Write out the stretch of lines below that begins at the line with "#134=FACE_BOUND('',#133,.T.);" and ends at the line with "#193=DIRECTION('',(-1.,0.,0.));", including both, exactly as given and nothing more.
[RECORDS SHOWN — start]
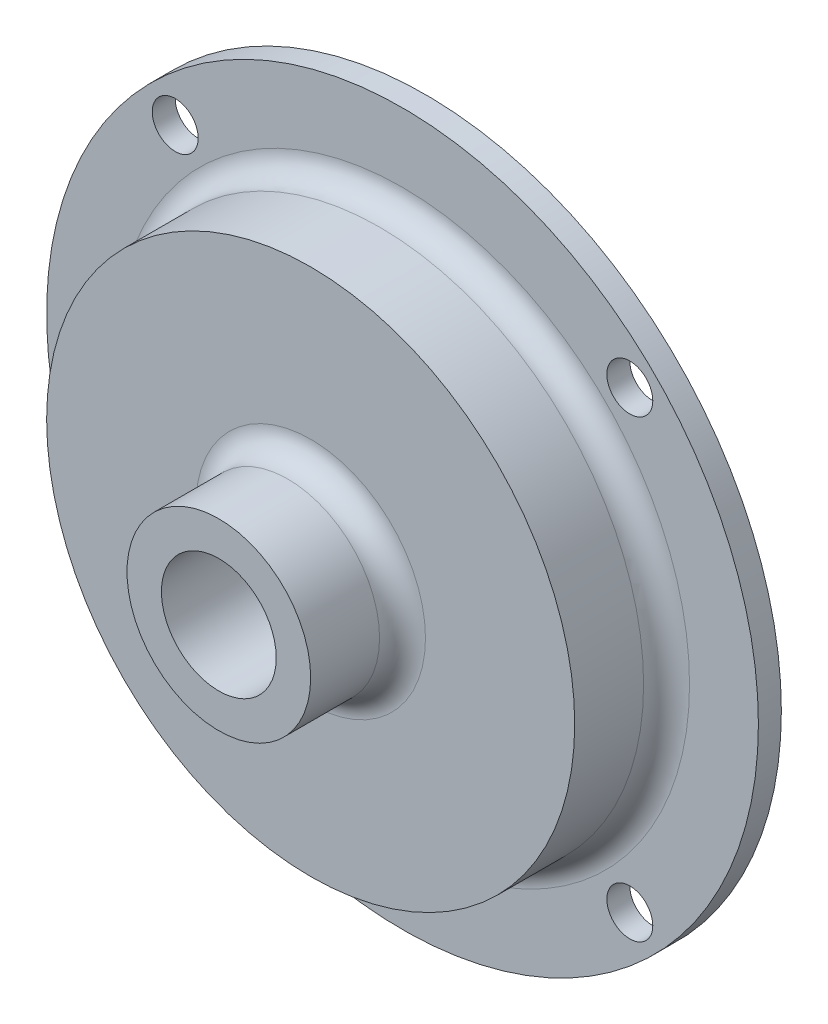
ISO-10303-21;
HEADER;
FILE_DESCRIPTION(('STEP AP214'),'2;1');
FILE_NAME('part.step','',(''),(''),'','','');
FILE_SCHEMA(('AUTOMOTIVE_DESIGN { 1 0 10303 214 1 1 1 1 }'));
ENDSEC;
DATA;
#1=APPLICATION_CONTEXT('core data for automotive mechanical design processes');
#2=APPLICATION_PROTOCOL_DEFINITION('international standard','automotive_design',2000,#1);
#3=PRODUCT_CONTEXT('',#1,'mechanical');
#4=PRODUCT('Part','Part','',(#3));
#5=PRODUCT_RELATED_PRODUCT_CATEGORY('part','',(#4));
#6=PRODUCT_DEFINITION_FORMATION('','',#4);
#7=PRODUCT_DEFINITION_CONTEXT('part definition',#1,'design');
#8=PRODUCT_DEFINITION('design','',#6,#7);
#9=PRODUCT_DEFINITION_SHAPE('','',#8);
#10=(LENGTH_UNIT() NAMED_UNIT(*) SI_UNIT(.MILLI.,.METRE.));
#11=(NAMED_UNIT(*) PLANE_ANGLE_UNIT() SI_UNIT($,.RADIAN.));
#12=(NAMED_UNIT(*) SI_UNIT($,.STERADIAN.) SOLID_ANGLE_UNIT());
#13=UNCERTAINTY_MEASURE_WITH_UNIT(LENGTH_MEASURE(1.E-05),#10,'distance_accuracy_value','');
#14=(GEOMETRIC_REPRESENTATION_CONTEXT(3) GLOBAL_UNCERTAINTY_ASSIGNED_CONTEXT((#13)) GLOBAL_UNIT_ASSIGNED_CONTEXT((#10,
#11,#12)) REPRESENTATION_CONTEXT('',''));
#15=CARTESIAN_POINT('',(0.,0.,0.));
#16=DIRECTION('',(0.,0.,1.));
#17=DIRECTION('',(1.,0.,0.));
#18=AXIS2_PLACEMENT_3D('',#15,#16,#17);
#19=CARTESIAN_POINT('',(0.,0.,15.875));
#20=DIRECTION('',(0.,0.,1.));
#21=DIRECTION('',(1.,0.,0.));
#22=AXIS2_PLACEMENT_3D('',#19,#20,#21);
#23=PLANE('',#22);
#24=CARTESIAN_POINT('',(0.,0.,15.875));
#25=DIRECTION('',(0.,0.,1.));
#26=DIRECTION('',(1.,0.,0.));
#27=AXIS2_PLACEMENT_3D('',#24,#25,#26);
#28=CIRCLE('',#27,15.875);
#29=CARTESIAN_POINT('',(15.875,0.,15.875));
#30=VERTEX_POINT('',#29);
#31=EDGE_CURVE('E45',#30,#30,#28,.F.);
#32=ORIENTED_EDGE('',*,*,#31,.T.);
#33=EDGE_LOOP('',(#32));
#34=FACE_BOUND('',#33,.T.);
#35=CARTESIAN_POINT('',(0.,0.,15.875));
#36=DIRECTION('',(0.,0.,1.));
#37=DIRECTION('',(1.,0.,0.));
#38=AXIS2_PLACEMENT_3D('',#35,#36,#37);
#39=CIRCLE('',#38,36.5125);
#40=CARTESIAN_POINT('',(36.5125,0.,15.875));
#41=VERTEX_POINT('',#40);
#42=EDGE_CURVE('E82',#41,#41,#39,.T.);
#43=ORIENTED_EDGE('',*,*,#42,.T.);
#44=EDGE_LOOP('',(#43));
#45=FACE_BOUND('',#44,.T.);
#46=ADVANCED_FACE('F34',(#34,#45),#23,.T.);
#47=CARTESIAN_POINT('',(0.,0.,3.175));
#48=DIRECTION('',(0.,0.,1.));
#49=DIRECTION('',(1.,0.,0.));
#50=AXIS2_PLACEMENT_3D('',#47,#48,#49);
#51=PLANE('',#50);
#52=CARTESIAN_POINT('',(0.,0.,3.175));
#53=DIRECTION('',(0.,0.,1.));
#54=DIRECTION('',(1.,0.,0.));
#55=AXIS2_PLACEMENT_3D('',#52,#53,#54);
#56=CIRCLE('',#55,39.6875);
#57=CARTESIAN_POINT('',(39.6875,0.,3.175));
#58=VERTEX_POINT('',#57);
#59=EDGE_CURVE('E10',#58,#58,#56,.F.);
#60=ORIENTED_EDGE('',*,*,#59,.T.);
#61=EDGE_LOOP('',(#60));
#62=FACE_BOUND('',#61,.T.);
#63=CARTESIAN_POINT('',(-31.4308964237421,31.430896423742,3.175));
#64=DIRECTION('',(0.,0.,1.));
#65=DIRECTION('',(1.,0.,0.));
#66=AXIS2_PLACEMENT_3D('',#63,#64,#65);
#67=CIRCLE('',#66,3.17500000000003);
#68=CARTESIAN_POINT('',(-28.2558964237421,31.430896423742,3.175));
#69=VERTEX_POINT('',#68);
#70=EDGE_CURVE('E76',#69,#69,#67,.T.);
#71=ORIENTED_EDGE('',*,*,#70,.F.);
#72=EDGE_LOOP('',(#71));
#73=FACE_BOUND('',#72,.T.);
#74=CARTESIAN_POINT('',(-31.430896423742,-31.4308964237421,3.175));
#75=DIRECTION('',(0.,0.,1.));
#76=DIRECTION('',(1.,0.,0.));
#77=AXIS2_PLACEMENT_3D('',#74,#75,#76);
#78=CIRCLE('',#77,3.17500000000001);
#79=CARTESIAN_POINT('',(-28.255896423742,-31.4308964237421,3.175));
#80=VERTEX_POINT('',#79);
#81=EDGE_CURVE('E64',#80,#80,#78,.T.);
#82=ORIENTED_EDGE('',*,*,#81,.F.);
#83=EDGE_LOOP('',(#82));
#84=FACE_BOUND('',#83,.T.);
#85=CARTESIAN_POINT('',(0.,0.,3.175));
#86=DIRECTION('',(0.,0.,1.));
#87=DIRECTION('',(1.,0.,0.));
#88=AXIS2_PLACEMENT_3D('',#85,#86,#87);
#89=CIRCLE('',#88,49.2125);
#90=CARTESIAN_POINT('',(49.2125,0.,3.175));
#91=VERTEX_POINT('',#90);
#92=EDGE_CURVE('E54',#91,#91,#89,.T.);
#93=ORIENTED_EDGE('',*,*,#92,.T.);
#94=EDGE_LOOP('',(#93));
#95=FACE_BOUND('',#94,.T.);
#96=CARTESIAN_POINT('',(31.430896423742,31.4308964237421,3.175));
#97=DIRECTION('',(0.,0.,1.));
#98=DIRECTION('',(1.,0.,0.));
#99=AXIS2_PLACEMENT_3D('',#96,#97,#98);
#100=CIRCLE('',#99,3.17500000000001);
#101=CARTESIAN_POINT('',(34.605896423742,31.4308964237421,3.175));
#102=VERTEX_POINT('',#101);
#103=EDGE_CURVE('E58',#102,#102,#100,.T.);
#104=ORIENTED_EDGE('',*,*,#103,.F.);
#105=EDGE_LOOP('',(#104));
#106=FACE_BOUND('',#105,.T.);
#107=CARTESIAN_POINT('',(31.4308964237421,-31.430896423742,3.175));
#108=DIRECTION('',(0.,0.,1.));
#109=DIRECTION('',(1.,0.,0.));
#110=AXIS2_PLACEMENT_3D('',#107,#108,#109);
#111=CIRCLE('',#110,3.17500000000001);
#112=CARTESIAN_POINT('',(34.6058964237421,-31.430896423742,3.175));
#113=VERTEX_POINT('',#112);
#114=EDGE_CURVE('E70',#113,#113,#111,.T.);
#115=ORIENTED_EDGE('',*,*,#114,.F.);
#116=EDGE_LOOP('',(#115));
#117=FACE_BOUND('',#116,.T.);
#118=ADVANCED_FACE('F125',(#62,#73,#84,#95,#106,#117),#51,.T.);
#119=CARTESIAN_POINT('',(0.,0.,0.));
#120=DIRECTION('',(0.,0.,1.));
#121=DIRECTION('',(1.,0.,0.));
#122=AXIS2_PLACEMENT_3D('',#119,#120,#121);
#123=PLANE('',#122);
#124=CARTESIAN_POINT('',(0.,0.,0.));
#125=DIRECTION('',(0.,0.,1.));
#126=DIRECTION('',(1.,0.,0.));
#127=AXIS2_PLACEMENT_3D('',#124,#125,#126);
#128=CIRCLE('',#127,7.9375);
#129=CARTESIAN_POINT('',(7.9375,0.,0.));
#130=VERTEX_POINT('',#129);
#131=EDGE_CURVE('E90',#130,#130,#128,.T.);
#132=ORIENTED_EDGE('',*,*,#131,.T.);
#133=EDGE_LOOP('',(#132));
#134=FACE_BOUND('',#133,.T.);
#135=CARTESIAN_POINT('',(31.4308964237421,-31.430896423742,0.));
#136=DIRECTION('',(0.,0.,1.));
#137=DIRECTION('',(1.,0.,0.));
#138=AXIS2_PLACEMENT_3D('',#135,#136,#137);
#139=CIRCLE('',#138,3.17500000000001);
#140=CARTESIAN_POINT('',(34.6058964237421,-31.430896423742,0.));
#141=VERTEX_POINT('',#140);
#142=EDGE_CURVE('E73',#141,#141,#139,.T.);
#143=ORIENTED_EDGE('',*,*,#142,.T.);
#144=EDGE_LOOP('',(#143));
#145=FACE_BOUND('',#144,.T.);
#146=CARTESIAN_POINT('',(31.430896423742,31.4308964237421,0.));
#147=DIRECTION('',(0.,0.,1.));
#148=DIRECTION('',(1.,0.,0.));
#149=AXIS2_PLACEMENT_3D('',#146,#147,#148);
#150=CIRCLE('',#149,3.17500000000001);
#151=CARTESIAN_POINT('',(34.605896423742,31.4308964237421,0.));
#152=VERTEX_POINT('',#151);
#153=EDGE_CURVE('E61',#152,#152,#150,.T.);
#154=ORIENTED_EDGE('',*,*,#153,.T.);
#155=EDGE_LOOP('',(#154));
#156=FACE_BOUND('',#155,.T.);
#157=CARTESIAN_POINT('',(0.,0.,0.));
#158=DIRECTION('',(0.,0.,1.));
#159=DIRECTION('',(1.,0.,0.));
#160=AXIS2_PLACEMENT_3D('',#157,#158,#159);
#161=CIRCLE('',#160,49.2125);
#162=CARTESIAN_POINT('',(49.2125,0.,0.));
#163=VERTEX_POINT('',#162);
#164=EDGE_CURVE('E55',#163,#163,#161,.T.);
#165=ORIENTED_EDGE('',*,*,#164,.F.);
#166=EDGE_LOOP('',(#165));
#167=FACE_BOUND('',#166,.T.);
#168=CARTESIAN_POINT('',(-31.430896423742,-31.4308964237421,0.));
#169=DIRECTION('',(0.,0.,1.));
#170=DIRECTION('',(1.,0.,0.));
#171=AXIS2_PLACEMENT_3D('',#168,#169,#170);
#172=CIRCLE('',#171,3.17500000000001);
#173=CARTESIAN_POINT('',(-28.255896423742,-31.4308964237421,0.));
#174=VERTEX_POINT('',#173);
#175=EDGE_CURVE('E67',#174,#174,#172,.T.);
#176=ORIENTED_EDGE('',*,*,#175,.T.);
#177=EDGE_LOOP('',(#176));
#178=FACE_BOUND('',#177,.T.);
#179=CARTESIAN_POINT('',(-31.4308964237421,31.430896423742,0.));
#180=DIRECTION('',(0.,0.,1.));
#181=DIRECTION('',(1.,0.,0.));
#182=AXIS2_PLACEMENT_3D('',#179,#180,#181);
#183=CIRCLE('',#182,3.17500000000003);
#184=CARTESIAN_POINT('',(-28.2558964237421,31.430896423742,0.));
#185=VERTEX_POINT('',#184);
#186=EDGE_CURVE('E79',#185,#185,#183,.T.);
#187=ORIENTED_EDGE('',*,*,#186,.T.);
#188=EDGE_LOOP('',(#187));
#189=FACE_BOUND('',#188,.T.);
#190=ADVANCED_FACE('F97',(#134,#145,#156,#167,#178,#189),#123,.F.);
#191=CARTESIAN_POINT('',(0.,0.,3.175));
#192=DIRECTION('',(0.,0.,-1.));
#193=DIRECTION('',(-1.,0.,0.));
#194=AXIS2_PLACEMENT_3D('',#191,#192,#193);
#195=CYLINDRICAL_SURFACE('',#194,49.2125);
#196=ORIENTED_EDGE('',*,*,#92,.F.);
#197=EDGE_LOOP('',(#196));
#198=FACE_BOUND('',#197,.T.);
#199=ORIENTED_EDGE('',*,*,#164,.T.);
#200=EDGE_LOOP('',(#199));
#201=FACE_BOUND('',#200,.T.);
#202=ADVANCED_FACE('F146',(#198,#201),#195,.T.);
#203=CARTESIAN_POINT('',(31.430896423742,31.4308964237421,3.175));
#204=DIRECTION('',(0.,0.,-1.));
#205=DIRECTION('',(-1.,0.,0.));
#206=AXIS2_PLACEMENT_3D('',#203,#204,#205);
#207=CYLINDRICAL_SURFACE('',#206,3.17500000000001);
#208=ORIENTED_EDGE('',*,*,#103,.T.);
#209=EDGE_LOOP('',(#208));
#210=FACE_BOUND('',#209,.T.);
#211=ORIENTED_EDGE('',*,*,#153,.F.);
#212=EDGE_LOOP('',(#211));
#213=FACE_BOUND('',#212,.T.);
#214=ADVANCED_FACE('F143',(#210,#213),#207,.F.);
#215=CARTESIAN_POINT('',(-31.430896423742,-31.4308964237421,3.175));
#216=DIRECTION('',(0.,0.,-1.));
#217=DIRECTION('',(-1.,0.,0.));
#218=AXIS2_PLACEMENT_3D('',#215,#216,#217);
#219=CYLINDRICAL_SURFACE('',#218,3.17500000000001);
#220=ORIENTED_EDGE('',*,*,#81,.T.);
#221=EDGE_LOOP('',(#220));
#222=FACE_BOUND('',#221,.T.);
#223=ORIENTED_EDGE('',*,*,#175,.F.);
#224=EDGE_LOOP('',(#223));
#225=FACE_BOUND('',#224,.T.);
#226=ADVANCED_FACE('F139',(#222,#225),#219,.F.);
#227=CARTESIAN_POINT('',(31.4308964237421,-31.430896423742,3.175));
#228=DIRECTION('',(0.,0.,-1.));
#229=DIRECTION('',(-1.,0.,0.));
#230=AXIS2_PLACEMENT_3D('',#227,#228,#229);
#231=CYLINDRICAL_SURFACE('',#230,3.17500000000001);
#232=ORIENTED_EDGE('',*,*,#114,.T.);
#233=EDGE_LOOP('',(#232));
#234=FACE_BOUND('',#233,.T.);
#235=ORIENTED_EDGE('',*,*,#142,.F.);
#236=EDGE_LOOP('',(#235));
#237=FACE_BOUND('',#236,.T.);
#238=ADVANCED_FACE('F135',(#234,#237),#231,.F.);
#239=CARTESIAN_POINT('',(-31.4308964237421,31.430896423742,3.175));
#240=DIRECTION('',(0.,0.,-1.));
#241=DIRECTION('',(-1.,0.,0.));
#242=AXIS2_PLACEMENT_3D('',#239,#240,#241);
#243=CYLINDRICAL_SURFACE('',#242,3.17500000000003);
#244=ORIENTED_EDGE('',*,*,#70,.T.);
#245=EDGE_LOOP('',(#244));
#246=FACE_BOUND('',#245,.T.);
#247=ORIENTED_EDGE('',*,*,#186,.F.);
#248=EDGE_LOOP('',(#247));
#249=FACE_BOUND('',#248,.T.);
#250=ADVANCED_FACE('F121',(#246,#249),#243,.F.);
#251=CARTESIAN_POINT('',(0.,0.,15.875));
#252=DIRECTION('',(0.,0.,-1.));
#253=DIRECTION('',(-1.,0.,0.));
#254=AXIS2_PLACEMENT_3D('',#251,#252,#253);
#255=CYLINDRICAL_SURFACE('',#254,36.5125);
#256=CARTESIAN_POINT('',(0.,0.,6.35));
#257=DIRECTION('',(0.,0.,1.));
#258=DIRECTION('',(1.,0.,0.));
#259=AXIS2_PLACEMENT_3D('',#256,#257,#258);
#260=CIRCLE('',#259,36.5125);
#261=CARTESIAN_POINT('',(36.5125,0.,6.35));
#262=VERTEX_POINT('',#261);
#263=EDGE_CURVE('E41',#262,#262,#260,.T.);
#264=ORIENTED_EDGE('',*,*,#263,.T.);
#265=EDGE_LOOP('',(#264));
#266=FACE_BOUND('',#265,.T.);
#267=ORIENTED_EDGE('',*,*,#42,.F.);
#268=EDGE_LOOP('',(#267));
#269=FACE_BOUND('',#268,.T.);
#270=ADVANCED_FACE('F115',(#266,#269),#255,.T.);
#271=CARTESIAN_POINT('',(0.,0.,28.575));
#272=DIRECTION('',(0.,0.,-1.));
#273=DIRECTION('',(-1.,0.,0.));
#274=AXIS2_PLACEMENT_3D('',#271,#272,#273);
#275=CYLINDRICAL_SURFACE('',#274,12.7);
#276=CARTESIAN_POINT('',(0.,0.,19.05));
#277=DIRECTION('',(0.,0.,1.));
#278=DIRECTION('',(1.,0.,0.));
#279=AXIS2_PLACEMENT_3D('',#276,#277,#278);
#280=CIRCLE('',#279,12.7);
#281=CARTESIAN_POINT('',(12.7,0.,19.05));
#282=VERTEX_POINT('',#281);
#283=EDGE_CURVE('E49',#282,#282,#280,.T.);
#284=ORIENTED_EDGE('',*,*,#283,.T.);
#285=EDGE_LOOP('',(#284));
#286=FACE_BOUND('',#285,.T.);
#287=CARTESIAN_POINT('',(0.,0.,28.575));
#288=DIRECTION('',(0.,0.,1.));
#289=DIRECTION('',(1.,0.,0.));
#290=AXIS2_PLACEMENT_3D('',#287,#288,#289);
#291=CIRCLE('',#290,12.7);
#292=CARTESIAN_POINT('',(12.7,0.,28.575));
#293=VERTEX_POINT('',#292);
#294=EDGE_CURVE('E87',#293,#293,#291,.T.);
#295=ORIENTED_EDGE('',*,*,#294,.F.);
#296=EDGE_LOOP('',(#295));
#297=FACE_BOUND('',#296,.T.);
#298=ADVANCED_FACE('F110',(#286,#297),#275,.T.);
#299=CARTESIAN_POINT('',(0.,0.,28.575));
#300=DIRECTION('',(0.,0.,1.));
#301=DIRECTION('',(1.,0.,0.));
#302=AXIS2_PLACEMENT_3D('',#299,#300,#301);
#303=PLANE('',#302);
#304=CARTESIAN_POINT('',(0.,0.,28.575));
#305=DIRECTION('',(0.,0.,1.));
#306=DIRECTION('',(1.,0.,0.));
#307=AXIS2_PLACEMENT_3D('',#304,#305,#306);
#308=CIRCLE('',#307,7.9375);
#309=CARTESIAN_POINT('',(7.9375,0.,28.575));
#310=VERTEX_POINT('',#309);
#311=EDGE_CURVE('E91',#310,#310,#308,.T.);
#312=ORIENTED_EDGE('',*,*,#311,.F.);
#313=EDGE_LOOP('',(#312));
#314=FACE_BOUND('',#313,.T.);
#315=ORIENTED_EDGE('',*,*,#294,.T.);
#316=EDGE_LOOP('',(#315));
#317=FACE_BOUND('',#316,.T.);
#318=ADVANCED_FACE('F106',(#314,#317),#303,.T.);
#319=CARTESIAN_POINT('',(0.,0.,19.05));
#320=DIRECTION('',(0.,0.,1.));
#321=DIRECTION('',(1.,0.,0.));
#322=AXIS2_PLACEMENT_3D('',#319,#320,#321);
#323=TOROIDAL_SURFACE('',#322,15.875,3.175);
#324=ORIENTED_EDGE('',*,*,#31,.F.);
#325=EDGE_LOOP('',(#324));
#326=FACE_BOUND('',#325,.T.);
#327=ORIENTED_EDGE('',*,*,#283,.F.);
#328=EDGE_LOOP('',(#327));
#329=FACE_BOUND('',#328,.T.);
#330=ADVANCED_FACE('F109',(#326,#329),#323,.F.);
#331=CARTESIAN_POINT('',(0.,0.,6.35));
#332=DIRECTION('',(0.,0.,1.));
#333=DIRECTION('',(1.,0.,0.));
#334=AXIS2_PLACEMENT_3D('',#331,#332,#333);
#335=TOROIDAL_SURFACE('',#334,39.6875,3.175);
#336=ORIENTED_EDGE('',*,*,#59,.F.);
#337=EDGE_LOOP('',(#336));
#338=FACE_BOUND('',#337,.T.);
#339=ORIENTED_EDGE('',*,*,#263,.F.);
#340=EDGE_LOOP('',(#339));
#341=FACE_BOUND('',#340,.T.);
#342=ADVANCED_FACE('F36',(#338,#341),#335,.F.);
#343=CARTESIAN_POINT('',(0.,0.,0.));
#344=DIRECTION('',(0.,0.,1.));
#345=DIRECTION('',(1.,0.,0.));
#346=AXIS2_PLACEMENT_3D('',#343,#344,#345);
#347=CYLINDRICAL_SURFACE('',#346,7.9375);
#348=ORIENTED_EDGE('',*,*,#131,.F.);
#349=EDGE_LOOP('',(#348));
#350=FACE_BOUND('',#349,.T.);
#351=ORIENTED_EDGE('',*,*,#311,.T.);
#352=EDGE_LOOP('',(#351));
#353=FACE_BOUND('',#352,.T.);
#354=ADVANCED_FACE('F100',(#350,#353),#347,.F.);
#355=CLOSED_SHELL('',(#46,#118,#190,#202,#214,#226,#238,#250,#270,#298,#318,#330,#342,#354));
#356=MANIFOLD_SOLID_BREP('B2',#355);
#357=ADVANCED_BREP_SHAPE_REPRESENTATION('',(#18,#356),#14);
#358=SHAPE_DEFINITION_REPRESENTATION(#9,#357);
ENDSEC;
END-ISO-10303-21;
[RECORDS SHOWN — finish]
RESULT BELOW –
#134=FACE_BOUND('',#133,.T.);
#135=CARTESIAN_POINT('',(31.4308964237421,-31.430896423742,0.));
#136=DIRECTION('',(0.,0.,1.));
#137=DIRECTION('',(1.,0.,0.));
#138=AXIS2_PLACEMENT_3D('',#135,#136,#137);
#139=CIRCLE('',#138,3.17500000000001);
#140=CARTESIAN_POINT('',(34.6058964237421,-31.430896423742,0.));
#141=VERTEX_POINT('',#140);
#142=EDGE_CURVE('E73',#141,#141,#139,.T.);
#143=ORIENTED_EDGE('',*,*,#142,.T.);
#144=EDGE_LOOP('',(#143));
#145=FACE_BOUND('',#144,.T.);
#146=CARTESIAN_POINT('',(31.430896423742,31.4308964237421,0.));
#147=DIRECTION('',(0.,0.,1.));
#148=DIRECTION('',(1.,0.,0.));
#149=AXIS2_PLACEMENT_3D('',#146,#147,#148);
#150=CIRCLE('',#149,3.17500000000001);
#151=CARTESIAN_POINT('',(34.605896423742,31.4308964237421,0.));
#152=VERTEX_POINT('',#151);
#153=EDGE_CURVE('E61',#152,#152,#150,.T.);
#154=ORIENTED_EDGE('',*,*,#153,.T.);
#155=EDGE_LOOP('',(#154));
#156=FACE_BOUND('',#155,.T.);
#157=CARTESIAN_POINT('',(0.,0.,0.));
#158=DIRECTION('',(0.,0.,1.));
#159=DIRECTION('',(1.,0.,0.));
#160=AXIS2_PLACEMENT_3D('',#157,#158,#159);
#161=CIRCLE('',#160,49.2125);
#162=CARTESIAN_POINT('',(49.2125,0.,0.));
#163=VERTEX_POINT('',#162);
#164=EDGE_CURVE('E55',#163,#163,#161,.T.);
#165=ORIENTED_EDGE('',*,*,#164,.F.);
#166=EDGE_LOOP('',(#165));
#167=FACE_BOUND('',#166,.T.);
#168=CARTESIAN_POINT('',(-31.430896423742,-31.4308964237421,0.));
#169=DIRECTION('',(0.,0.,1.));
#170=DIRECTION('',(1.,0.,0.));
#171=AXIS2_PLACEMENT_3D('',#168,#169,#170);
#172=CIRCLE('',#171,3.17500000000001);
#173=CARTESIAN_POINT('',(-28.255896423742,-31.4308964237421,0.));
#174=VERTEX_POINT('',#173);
#175=EDGE_CURVE('E67',#174,#174,#172,.T.);
#176=ORIENTED_EDGE('',*,*,#175,.T.);
#177=EDGE_LOOP('',(#176));
#178=FACE_BOUND('',#177,.T.);
#179=CARTESIAN_POINT('',(-31.4308964237421,31.430896423742,0.));
#180=DIRECTION('',(0.,0.,1.));
#181=DIRECTION('',(1.,0.,0.));
#182=AXIS2_PLACEMENT_3D('',#179,#180,#181);
#183=CIRCLE('',#182,3.17500000000003);
#184=CARTESIAN_POINT('',(-28.2558964237421,31.430896423742,0.));
#185=VERTEX_POINT('',#184);
#186=EDGE_CURVE('E79',#185,#185,#183,.T.);
#187=ORIENTED_EDGE('',*,*,#186,.T.);
#188=EDGE_LOOP('',(#187));
#189=FACE_BOUND('',#188,.T.);
#190=ADVANCED_FACE('F97',(#134,#145,#156,#167,#178,#189),#123,.F.);
#191=CARTESIAN_POINT('',(0.,0.,3.175));
#192=DIRECTION('',(0.,0.,-1.));
#193=DIRECTION('',(-1.,0.,0.));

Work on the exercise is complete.